Your goal: Every entry is to be returned exactly as it stands; the pictures are to be dropped.

Stored dataset items:
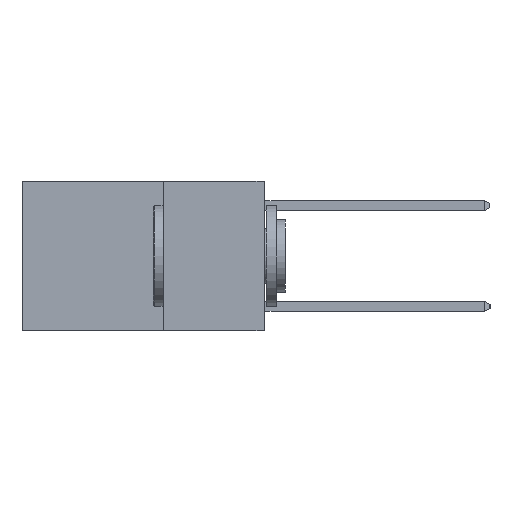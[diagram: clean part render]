
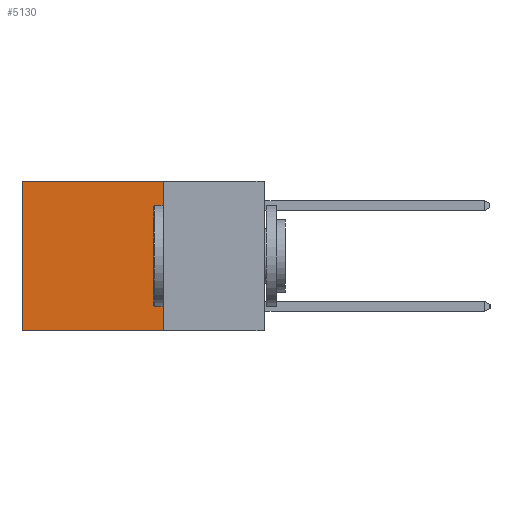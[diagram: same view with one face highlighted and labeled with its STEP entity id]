
A CAD part, left-side view. The second image highlights one B-rep face of the part: STEP entity #5130.
In plain terms, the highlighted planar face has unit normal (-1, 0, 0).
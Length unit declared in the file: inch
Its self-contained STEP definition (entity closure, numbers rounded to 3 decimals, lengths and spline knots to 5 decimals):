
#104 = CARTESIAN_POINT ( 'NONE',  ( 0.2625, 0.25, -0.37 ) ) ;
#225 = DIRECTION ( 'NONE',  ( 0., 1., 0. ) ) ;
#495 = EDGE_CURVE ( 'NONE', #7145, #1665, #965, .T. ) ;
#578 = ORIENTED_EDGE ( 'NONE', *, *, #9536, .F. ) ;
#662 = EDGE_CURVE ( 'NONE', #7145, #1979, #1082, .T. ) ;
#965 = LINE ( 'NONE', #9965, #9600 ) ;
#1082 = LINE ( 'NONE', #6073, #10016 ) ;
#1147 = LINE ( 'NONE', #6199, #9796 ) ;
#1426 = DIRECTION ( 'NONE',  ( 0., 1., 0. ) ) ;
#1665 = VERTEX_POINT ( 'NONE', #104 ) ;
#1979 = VERTEX_POINT ( 'NONE', #6652 ) ;
#2994 = DIRECTION ( 'NONE',  ( 0., 0., -1. ) ) ;
#3357 = EDGE_CURVE ( 'NONE', #1979, #11210, #1147, .T. ) ;
#4043 = ORIENTED_EDGE ( 'NONE', *, *, #495, .F. ) ;
#4748 = VECTOR ( 'NONE', #225, 39.37008 ) ;
#5000 = EDGE_LOOP ( 'NONE', ( #10614, #578, #4043, #6773 ) ) ;
#5130 = ADVANCED_FACE ( 'NONE', ( #8748 ), #7246, .F. ) ;
#5912 = CARTESIAN_POINT ( 'NONE',  ( 0.2625, 0.25, 0. ) ) ;
#6073 = CARTESIAN_POINT ( 'NONE',  ( 0.2625, 0.25, 0. ) ) ;
#6199 = CARTESIAN_POINT ( 'NONE',  ( 0.2625, 0.6, 0. ) ) ;
#6375 = CARTESIAN_POINT ( 'NONE',  ( 0.2625, 0.25, 0. ) ) ;
#6383 = CARTESIAN_POINT ( 'NONE',  ( 0.2625, 0.6, -0.37 ) ) ;
#6652 = CARTESIAN_POINT ( 'NONE',  ( 0.2625, 0.6, 0. ) ) ;
#6773 = ORIENTED_EDGE ( 'NONE', *, *, #662, .T. ) ;
#7145 = VERTEX_POINT ( 'NONE', #5912 ) ;
#7246 = PLANE ( 'NONE',  #9663 ) ;
#7936 = DIRECTION ( 'NONE',  ( 0., 0., -1. ) ) ;
#8110 = DIRECTION ( 'NONE',  ( 1., 0., 0. ) ) ;
#8748 = FACE_OUTER_BOUND ( 'NONE', #5000, .T. ) ;
#9536 = EDGE_CURVE ( 'NONE', #1665, #11210, #9896, .T. ) ;
#9600 = VECTOR ( 'NONE', #10858, 39.37008 ) ;
#9663 = AXIS2_PLACEMENT_3D ( 'NONE', #6375, #8110, #2994 ) ;
#9796 = VECTOR ( 'NONE', #7936, 39.37008 ) ;
#9896 = LINE ( 'NONE', #10595, #4748 ) ;
#9965 = CARTESIAN_POINT ( 'NONE',  ( 0.2625, 0.25, 0. ) ) ;
#10016 = VECTOR ( 'NONE', #1426, 39.37008 ) ;
#10595 = CARTESIAN_POINT ( 'NONE',  ( 0.2625, 0.25, -0.37 ) ) ;
#10614 = ORIENTED_EDGE ( 'NONE', *, *, #3357, .T. ) ;
#10858 = DIRECTION ( 'NONE',  ( 0., 0., -1. ) ) ;
#11210 = VERTEX_POINT ( 'NONE', #6383 ) ;

Response:
[diagram: clean part render]
[diagram: same view with one face highlighted and labeled with its STEP entity id]
A CAD part, left-side view. The second image highlights one B-rep face of the part: STEP entity #5130.
In plain terms, the highlighted planar face has unit normal (-1, 0, 0).
Length unit declared in the file: inch
Its self-contained STEP definition (entity closure, numbers rounded to 3 decimals, lengths and spline knots to 5 decimals):
#104 = CARTESIAN_POINT ( 'NONE',  ( 0.2625, 0.25, -0.37 ) ) ;
#225 = DIRECTION ( 'NONE',  ( 0., 1., 0. ) ) ;
#495 = EDGE_CURVE ( 'NONE', #7145, #1665, #965, .T. ) ;
#578 = ORIENTED_EDGE ( 'NONE', *, *, #9536, .F. ) ;
#662 = EDGE_CURVE ( 'NONE', #7145, #1979, #1082, .T. ) ;
#965 = LINE ( 'NONE', #9965, #9600 ) ;
#1082 = LINE ( 'NONE', #6073, #10016 ) ;
#1147 = LINE ( 'NONE', #6199, #9796 ) ;
#1426 = DIRECTION ( 'NONE',  ( 0., 1., 0. ) ) ;
#1665 = VERTEX_POINT ( 'NONE', #104 ) ;
#1979 = VERTEX_POINT ( 'NONE', #6652 ) ;
#2994 = DIRECTION ( 'NONE',  ( 0., 0., -1. ) ) ;
#3357 = EDGE_CURVE ( 'NONE', #1979, #11210, #1147, .T. ) ;
#4043 = ORIENTED_EDGE ( 'NONE', *, *, #495, .F. ) ;
#4748 = VECTOR ( 'NONE', #225, 39.37008 ) ;
#5000 = EDGE_LOOP ( 'NONE', ( #10614, #578, #4043, #6773 ) ) ;
#5130 = ADVANCED_FACE ( 'NONE', ( #8748 ), #7246, .F. ) ;
#5912 = CARTESIAN_POINT ( 'NONE',  ( 0.2625, 0.25, 0. ) ) ;
#6073 = CARTESIAN_POINT ( 'NONE',  ( 0.2625, 0.25, 0. ) ) ;
#6199 = CARTESIAN_POINT ( 'NONE',  ( 0.2625, 0.6, 0. ) ) ;
#6375 = CARTESIAN_POINT ( 'NONE',  ( 0.2625, 0.25, 0. ) ) ;
#6383 = CARTESIAN_POINT ( 'NONE',  ( 0.2625, 0.6, -0.37 ) ) ;
#6652 = CARTESIAN_POINT ( 'NONE',  ( 0.2625, 0.6, 0. ) ) ;
#6773 = ORIENTED_EDGE ( 'NONE', *, *, #662, .T. ) ;
#7145 = VERTEX_POINT ( 'NONE', #5912 ) ;
#7246 = PLANE ( 'NONE',  #9663 ) ;
#7936 = DIRECTION ( 'NONE',  ( 0., 0., -1. ) ) ;
#8110 = DIRECTION ( 'NONE',  ( 1., 0., 0. ) ) ;
#8748 = FACE_OUTER_BOUND ( 'NONE', #5000, .T. ) ;
#9536 = EDGE_CURVE ( 'NONE', #1665, #11210, #9896, .T. ) ;
#9600 = VECTOR ( 'NONE', #10858, 39.37008 ) ;
#9663 = AXIS2_PLACEMENT_3D ( 'NONE', #6375, #8110, #2994 ) ;
#9796 = VECTOR ( 'NONE', #7936, 39.37008 ) ;
#9896 = LINE ( 'NONE', #10595, #4748 ) ;
#9965 = CARTESIAN_POINT ( 'NONE',  ( 0.2625, 0.25, 0. ) ) ;
#10016 = VECTOR ( 'NONE', #1426, 39.37008 ) ;
#10595 = CARTESIAN_POINT ( 'NONE',  ( 0.2625, 0.25, -0.37 ) ) ;
#10614 = ORIENTED_EDGE ( 'NONE', *, *, #3357, .T. ) ;
#10858 = DIRECTION ( 'NONE',  ( 0., 0., -1. ) ) ;
#11210 = VERTEX_POINT ( 'NONE', #6383 ) ;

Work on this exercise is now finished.